• **What you are asked to do**
Locate the string "diagram" throughout the material and copy every line in which it occurs.

• **Records for processing**

--------------------

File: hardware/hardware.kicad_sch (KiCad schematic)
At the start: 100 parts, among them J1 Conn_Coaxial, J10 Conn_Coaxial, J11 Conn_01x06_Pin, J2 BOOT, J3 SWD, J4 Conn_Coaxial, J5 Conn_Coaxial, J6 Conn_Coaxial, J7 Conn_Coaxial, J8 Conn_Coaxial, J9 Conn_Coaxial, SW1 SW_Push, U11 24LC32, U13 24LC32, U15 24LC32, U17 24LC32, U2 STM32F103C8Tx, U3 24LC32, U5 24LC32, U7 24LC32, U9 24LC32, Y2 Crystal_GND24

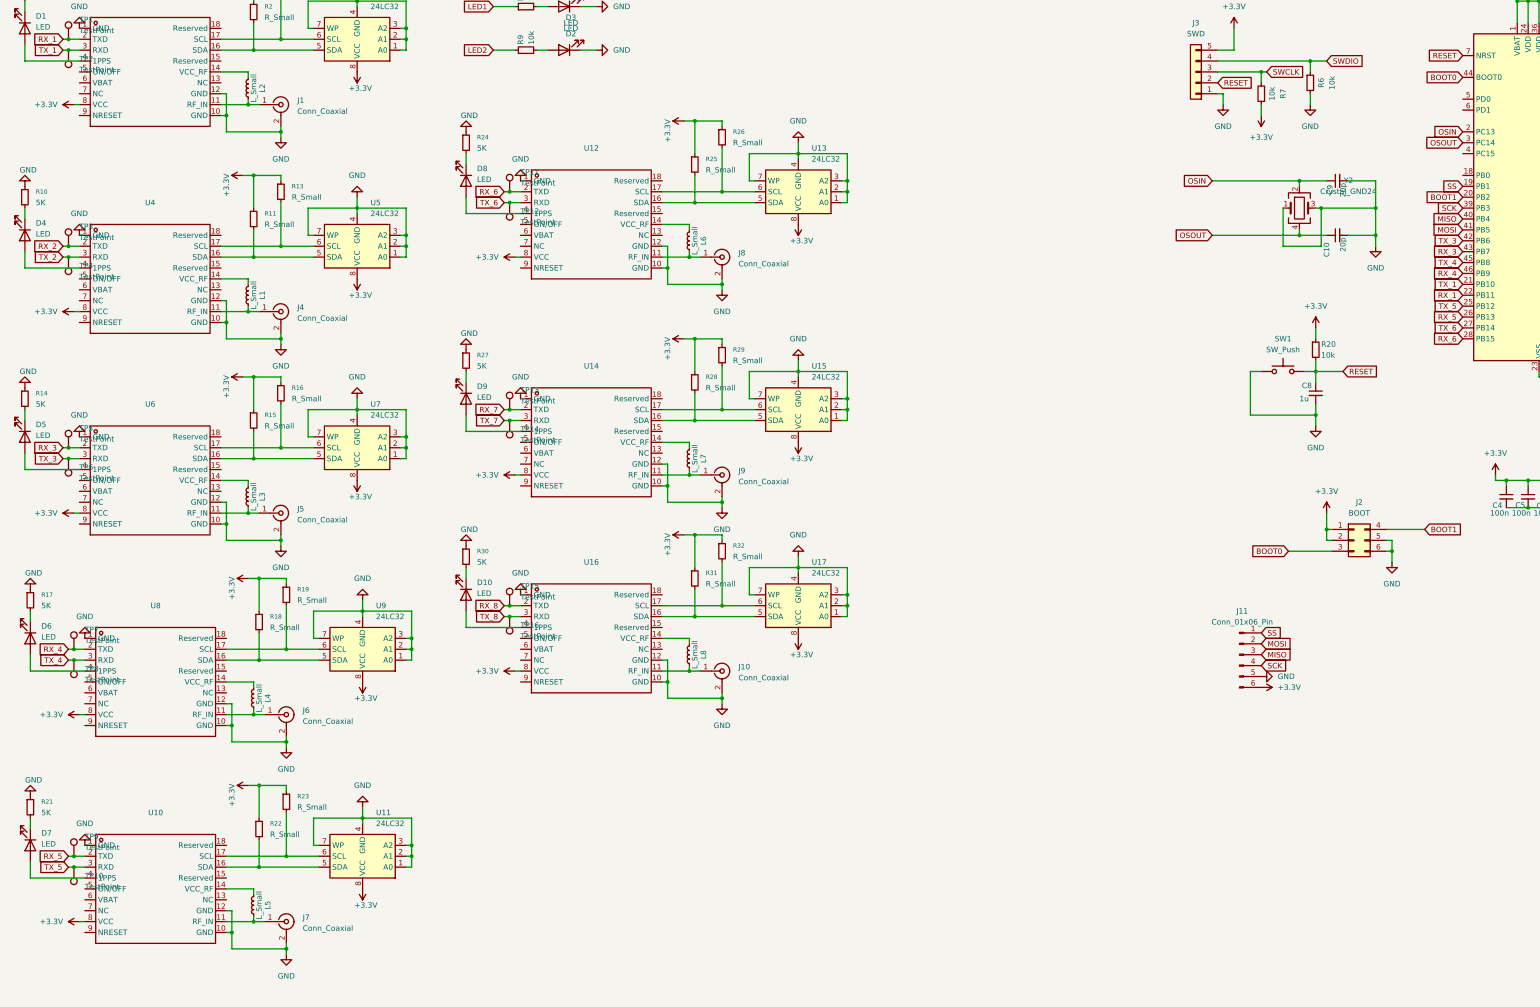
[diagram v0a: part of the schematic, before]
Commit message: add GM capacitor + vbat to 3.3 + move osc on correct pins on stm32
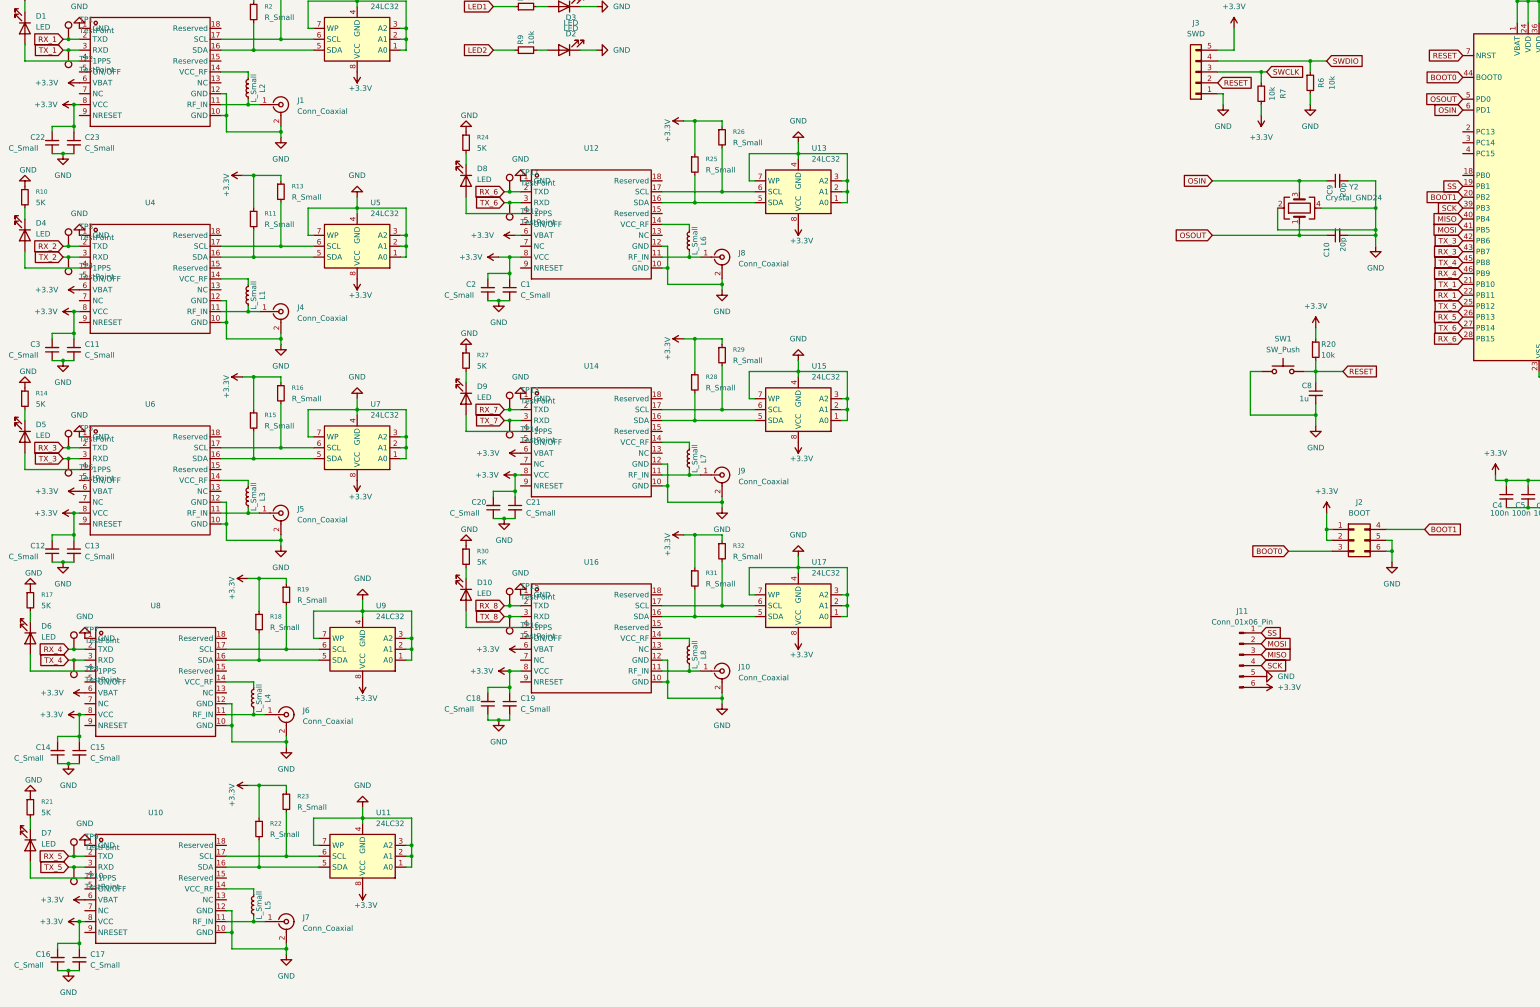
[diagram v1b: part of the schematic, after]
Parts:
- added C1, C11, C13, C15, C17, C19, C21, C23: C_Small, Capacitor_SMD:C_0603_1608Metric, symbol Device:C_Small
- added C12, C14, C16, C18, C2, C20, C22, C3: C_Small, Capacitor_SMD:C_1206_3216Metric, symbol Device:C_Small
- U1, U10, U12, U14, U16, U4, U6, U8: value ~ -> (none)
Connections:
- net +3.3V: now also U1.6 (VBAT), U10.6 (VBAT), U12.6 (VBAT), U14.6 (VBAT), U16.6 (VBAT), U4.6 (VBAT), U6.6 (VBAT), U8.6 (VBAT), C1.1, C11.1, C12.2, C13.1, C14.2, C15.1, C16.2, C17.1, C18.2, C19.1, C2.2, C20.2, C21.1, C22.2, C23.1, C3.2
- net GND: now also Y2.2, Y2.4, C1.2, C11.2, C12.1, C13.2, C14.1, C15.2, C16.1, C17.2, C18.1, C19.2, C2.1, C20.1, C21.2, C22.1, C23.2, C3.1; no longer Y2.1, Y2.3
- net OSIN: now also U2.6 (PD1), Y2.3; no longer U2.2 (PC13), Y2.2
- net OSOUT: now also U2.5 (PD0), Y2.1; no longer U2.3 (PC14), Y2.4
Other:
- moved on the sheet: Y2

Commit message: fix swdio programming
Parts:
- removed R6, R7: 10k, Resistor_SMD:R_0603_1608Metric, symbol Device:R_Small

--------------------

• **Response box**
[diagram v0a: part of the schematic, before]
[diagram v1b: part of the schematic, after]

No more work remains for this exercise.